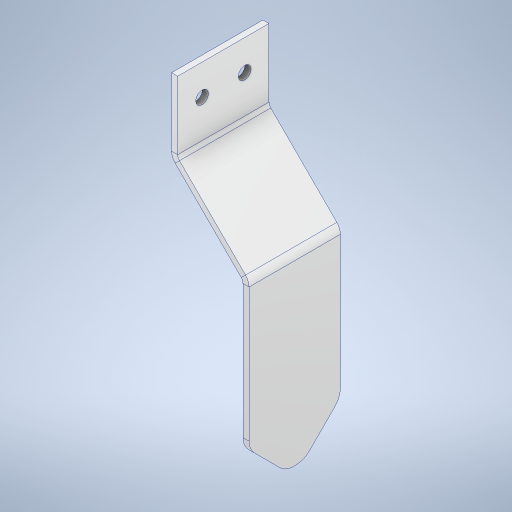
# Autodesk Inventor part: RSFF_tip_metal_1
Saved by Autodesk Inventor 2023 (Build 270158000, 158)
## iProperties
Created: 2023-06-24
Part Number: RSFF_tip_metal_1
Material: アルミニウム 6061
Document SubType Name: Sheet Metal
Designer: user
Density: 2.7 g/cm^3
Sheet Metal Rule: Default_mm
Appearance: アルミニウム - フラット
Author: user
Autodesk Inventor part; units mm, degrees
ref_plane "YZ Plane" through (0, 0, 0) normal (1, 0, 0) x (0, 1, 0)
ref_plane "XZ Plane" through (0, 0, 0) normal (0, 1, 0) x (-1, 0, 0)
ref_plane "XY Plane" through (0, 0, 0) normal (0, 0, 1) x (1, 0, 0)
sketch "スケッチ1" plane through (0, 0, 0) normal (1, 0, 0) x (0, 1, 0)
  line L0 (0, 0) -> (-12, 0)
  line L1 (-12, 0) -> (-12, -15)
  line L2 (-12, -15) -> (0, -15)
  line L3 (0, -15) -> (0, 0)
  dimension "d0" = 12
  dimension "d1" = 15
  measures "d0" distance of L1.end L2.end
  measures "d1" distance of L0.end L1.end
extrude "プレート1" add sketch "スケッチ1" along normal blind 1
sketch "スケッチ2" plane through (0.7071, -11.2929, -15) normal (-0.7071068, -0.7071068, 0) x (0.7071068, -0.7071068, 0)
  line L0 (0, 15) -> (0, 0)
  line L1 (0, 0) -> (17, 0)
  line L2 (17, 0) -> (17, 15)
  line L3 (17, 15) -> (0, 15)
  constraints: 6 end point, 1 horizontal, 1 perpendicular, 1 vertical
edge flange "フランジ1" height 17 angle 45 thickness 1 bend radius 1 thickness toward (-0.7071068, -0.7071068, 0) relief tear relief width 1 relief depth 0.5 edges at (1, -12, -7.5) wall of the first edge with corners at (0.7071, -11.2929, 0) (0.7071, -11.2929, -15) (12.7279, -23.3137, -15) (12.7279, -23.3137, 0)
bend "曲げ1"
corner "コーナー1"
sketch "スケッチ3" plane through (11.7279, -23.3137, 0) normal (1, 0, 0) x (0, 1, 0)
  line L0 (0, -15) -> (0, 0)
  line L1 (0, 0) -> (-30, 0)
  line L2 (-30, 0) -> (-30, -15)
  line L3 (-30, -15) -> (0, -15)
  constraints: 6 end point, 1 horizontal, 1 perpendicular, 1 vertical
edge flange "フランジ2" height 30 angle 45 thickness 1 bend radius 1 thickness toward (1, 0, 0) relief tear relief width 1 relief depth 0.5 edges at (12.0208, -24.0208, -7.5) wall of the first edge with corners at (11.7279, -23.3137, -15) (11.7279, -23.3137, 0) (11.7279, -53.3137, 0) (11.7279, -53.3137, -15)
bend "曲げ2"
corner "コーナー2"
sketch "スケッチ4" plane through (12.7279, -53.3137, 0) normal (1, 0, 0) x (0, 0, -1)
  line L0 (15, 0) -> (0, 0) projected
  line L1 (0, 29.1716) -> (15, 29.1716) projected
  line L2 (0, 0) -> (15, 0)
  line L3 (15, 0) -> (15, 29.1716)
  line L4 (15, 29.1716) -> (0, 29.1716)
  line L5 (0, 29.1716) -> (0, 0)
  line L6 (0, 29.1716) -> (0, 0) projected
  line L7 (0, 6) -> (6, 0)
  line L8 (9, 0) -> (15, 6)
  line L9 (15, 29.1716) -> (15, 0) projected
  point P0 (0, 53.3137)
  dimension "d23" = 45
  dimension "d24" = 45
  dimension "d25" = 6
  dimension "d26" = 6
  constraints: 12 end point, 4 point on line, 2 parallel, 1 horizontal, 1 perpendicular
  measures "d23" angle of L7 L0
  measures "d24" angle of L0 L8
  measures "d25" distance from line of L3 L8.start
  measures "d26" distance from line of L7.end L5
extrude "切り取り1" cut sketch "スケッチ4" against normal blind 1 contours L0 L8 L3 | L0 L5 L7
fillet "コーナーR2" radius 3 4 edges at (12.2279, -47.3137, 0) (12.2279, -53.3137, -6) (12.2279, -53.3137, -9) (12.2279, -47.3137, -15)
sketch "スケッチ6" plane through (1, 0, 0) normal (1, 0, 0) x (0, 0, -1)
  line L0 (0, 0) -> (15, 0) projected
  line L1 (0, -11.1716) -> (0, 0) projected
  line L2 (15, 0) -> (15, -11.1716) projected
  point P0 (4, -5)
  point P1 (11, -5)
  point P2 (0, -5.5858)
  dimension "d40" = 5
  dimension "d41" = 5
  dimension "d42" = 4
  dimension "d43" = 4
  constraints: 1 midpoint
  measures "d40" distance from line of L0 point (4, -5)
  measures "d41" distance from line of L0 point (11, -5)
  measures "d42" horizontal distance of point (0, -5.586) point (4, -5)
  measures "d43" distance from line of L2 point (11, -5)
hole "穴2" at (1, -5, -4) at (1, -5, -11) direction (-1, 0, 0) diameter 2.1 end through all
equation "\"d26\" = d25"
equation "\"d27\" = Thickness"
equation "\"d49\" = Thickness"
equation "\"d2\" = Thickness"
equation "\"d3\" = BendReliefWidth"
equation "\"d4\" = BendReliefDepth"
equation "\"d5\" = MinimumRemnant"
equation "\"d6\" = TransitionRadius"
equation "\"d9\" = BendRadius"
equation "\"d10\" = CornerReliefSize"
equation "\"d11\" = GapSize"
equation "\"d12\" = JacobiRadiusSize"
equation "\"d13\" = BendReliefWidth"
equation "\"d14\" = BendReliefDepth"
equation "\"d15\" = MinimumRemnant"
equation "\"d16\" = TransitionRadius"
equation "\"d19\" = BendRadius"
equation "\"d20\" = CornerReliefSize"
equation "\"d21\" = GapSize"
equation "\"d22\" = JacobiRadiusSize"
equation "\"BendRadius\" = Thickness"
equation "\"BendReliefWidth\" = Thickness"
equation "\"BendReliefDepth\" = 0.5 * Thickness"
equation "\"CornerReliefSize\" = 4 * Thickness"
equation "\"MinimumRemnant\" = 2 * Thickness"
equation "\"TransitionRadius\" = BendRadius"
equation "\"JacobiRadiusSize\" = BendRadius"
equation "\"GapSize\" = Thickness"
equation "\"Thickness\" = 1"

**What to do:**
Give back each line above exactly, with pictures dropped.

**Output for this task:**
# Autodesk Inventor part: RSFF_tip_metal_1
Saved by Autodesk Inventor 2023 (Build 270158000, 158)
## iProperties
Created: 2023-06-24
Part Number: RSFF_tip_metal_1
Material: アルミニウム 6061
Document SubType Name: Sheet Metal
Designer: user
Density: 2.7 g/cm^3
Sheet Metal Rule: Default_mm
Appearance: アルミニウム - フラット
Author: user
Autodesk Inventor part; units mm, degrees
ref_plane "YZ Plane" through (0, 0, 0) normal (1, 0, 0) x (0, 1, 0)
ref_plane "XZ Plane" through (0, 0, 0) normal (0, 1, 0) x (-1, 0, 0)
ref_plane "XY Plane" through (0, 0, 0) normal (0, 0, 1) x (1, 0, 0)
sketch "スケッチ1" plane through (0, 0, 0) normal (1, 0, 0) x (0, 1, 0)
  line L0 (0, 0) -> (-12, 0)
  line L1 (-12, 0) -> (-12, -15)
  line L2 (-12, -15) -> (0, -15)
  line L3 (0, -15) -> (0, 0)
  dimension "d0" = 12
  dimension "d1" = 15
  measures "d0" distance of L1.end L2.end
  measures "d1" distance of L0.end L1.end
extrude "プレート1" add sketch "スケッチ1" along normal blind 1
sketch "スケッチ2" plane through (0.7071, -11.2929, -15) normal (-0.7071068, -0.7071068, 0) x (0.7071068, -0.7071068, 0)
  line L0 (0, 15) -> (0, 0)
  line L1 (0, 0) -> (17, 0)
  line L2 (17, 0) -> (17, 15)
  line L3 (17, 15) -> (0, 15)
  constraints: 6 end point, 1 horizontal, 1 perpendicular, 1 vertical
edge flange "フランジ1" height 17 angle 45 thickness 1 bend radius 1 thickness toward (-0.7071068, -0.7071068, 0) relief tear relief width 1 relief depth 0.5 edges at (1, -12, -7.5) wall of the first edge with corners at (0.7071, -11.2929, 0) (0.7071, -11.2929, -15) (12.7279, -23.3137, -15) (12.7279, -23.3137, 0)
bend "曲げ1"
corner "コーナー1"
sketch "スケッチ3" plane through (11.7279, -23.3137, 0) normal (1, 0, 0) x (0, 1, 0)
  line L0 (0, -15) -> (0, 0)
  line L1 (0, 0) -> (-30, 0)
  line L2 (-30, 0) -> (-30, -15)
  line L3 (-30, -15) -> (0, -15)
  constraints: 6 end point, 1 horizontal, 1 perpendicular, 1 vertical
edge flange "フランジ2" height 30 angle 45 thickness 1 bend radius 1 thickness toward (1, 0, 0) relief tear relief width 1 relief depth 0.5 edges at (12.0208, -24.0208, -7.5) wall of the first edge with corners at (11.7279, -23.3137, -15) (11.7279, -23.3137, 0) (11.7279, -53.3137, 0) (11.7279, -53.3137, -15)
bend "曲げ2"
corner "コーナー2"
sketch "スケッチ4" plane through (12.7279, -53.3137, 0) normal (1, 0, 0) x (0, 0, -1)
  line L0 (15, 0) -> (0, 0) projected
  line L1 (0, 29.1716) -> (15, 29.1716) projected
  line L2 (0, 0) -> (15, 0)
  line L3 (15, 0) -> (15, 29.1716)
  line L4 (15, 29.1716) -> (0, 29.1716)
  line L5 (0, 29.1716) -> (0, 0)
  line L6 (0, 29.1716) -> (0, 0) projected
  line L7 (0, 6) -> (6, 0)
  line L8 (9, 0) -> (15, 6)
  line L9 (15, 29.1716) -> (15, 0) projected
  point P0 (0, 53.3137)
  dimension "d23" = 45
  dimension "d24" = 45
  dimension "d25" = 6
  dimension "d26" = 6
  constraints: 12 end point, 4 point on line, 2 parallel, 1 horizontal, 1 perpendicular
  measures "d23" angle of L7 L0
  measures "d24" angle of L0 L8
  measures "d25" distance from line of L3 L8.start
  measures "d26" distance from line of L7.end L5
extrude "切り取り1" cut sketch "スケッチ4" against normal blind 1 contours L0 L8 L3 | L0 L5 L7
fillet "コーナーR2" radius 3 4 edges at (12.2279, -47.3137, 0) (12.2279, -53.3137, -6) (12.2279, -53.3137, -9) (12.2279, -47.3137, -15)
sketch "スケッチ6" plane through (1, 0, 0) normal (1, 0, 0) x (0, 0, -1)
  line L0 (0, 0) -> (15, 0) projected
  line L1 (0, -11.1716) -> (0, 0) projected
  line L2 (15, 0) -> (15, -11.1716) projected
  point P0 (4, -5)
  point P1 (11, -5)
  point P2 (0, -5.5858)
  dimension "d40" = 5
  dimension "d41" = 5
  dimension "d42" = 4
  dimension "d43" = 4
  constraints: 1 midpoint
  measures "d40" distance from line of L0 point (4, -5)
  measures "d41" distance from line of L0 point (11, -5)
  measures "d42" horizontal distance of point (0, -5.586) point (4, -5)
  measures "d43" distance from line of L2 point (11, -5)
hole "穴2" at (1, -5, -4) at (1, -5, -11) direction (-1, 0, 0) diameter 2.1 end through all
equation "\"d26\" = d25"
equation "\"d27\" = Thickness"
equation "\"d49\" = Thickness"
equation "\"d2\" = Thickness"
equation "\"d3\" = BendReliefWidth"
equation "\"d4\" = BendReliefDepth"
equation "\"d5\" = MinimumRemnant"
equation "\"d6\" = TransitionRadius"
equation "\"d9\" = BendRadius"
equation "\"d10\" = CornerReliefSize"
equation "\"d11\" = GapSize"
equation "\"d12\" = JacobiRadiusSize"
equation "\"d13\" = BendReliefWidth"
equation "\"d14\" = BendReliefDepth"
equation "\"d15\" = MinimumRemnant"
equation "\"d16\" = TransitionRadius"
equation "\"d19\" = BendRadius"
equation "\"d20\" = CornerReliefSize"
equation "\"d21\" = GapSize"
equation "\"d22\" = JacobiRadiusSize"
equation "\"BendRadius\" = Thickness"
equation "\"BendReliefWidth\" = Thickness"
equation "\"BendReliefDepth\" = 0.5 * Thickness"
equation "\"CornerReliefSize\" = 4 * Thickness"
equation "\"MinimumRemnant\" = 2 * Thickness"
equation "\"TransitionRadius\" = BendRadius"
equation "\"JacobiRadiusSize\" = BendRadius"
equation "\"GapSize\" = Thickness"
equation "\"Thickness\" = 1"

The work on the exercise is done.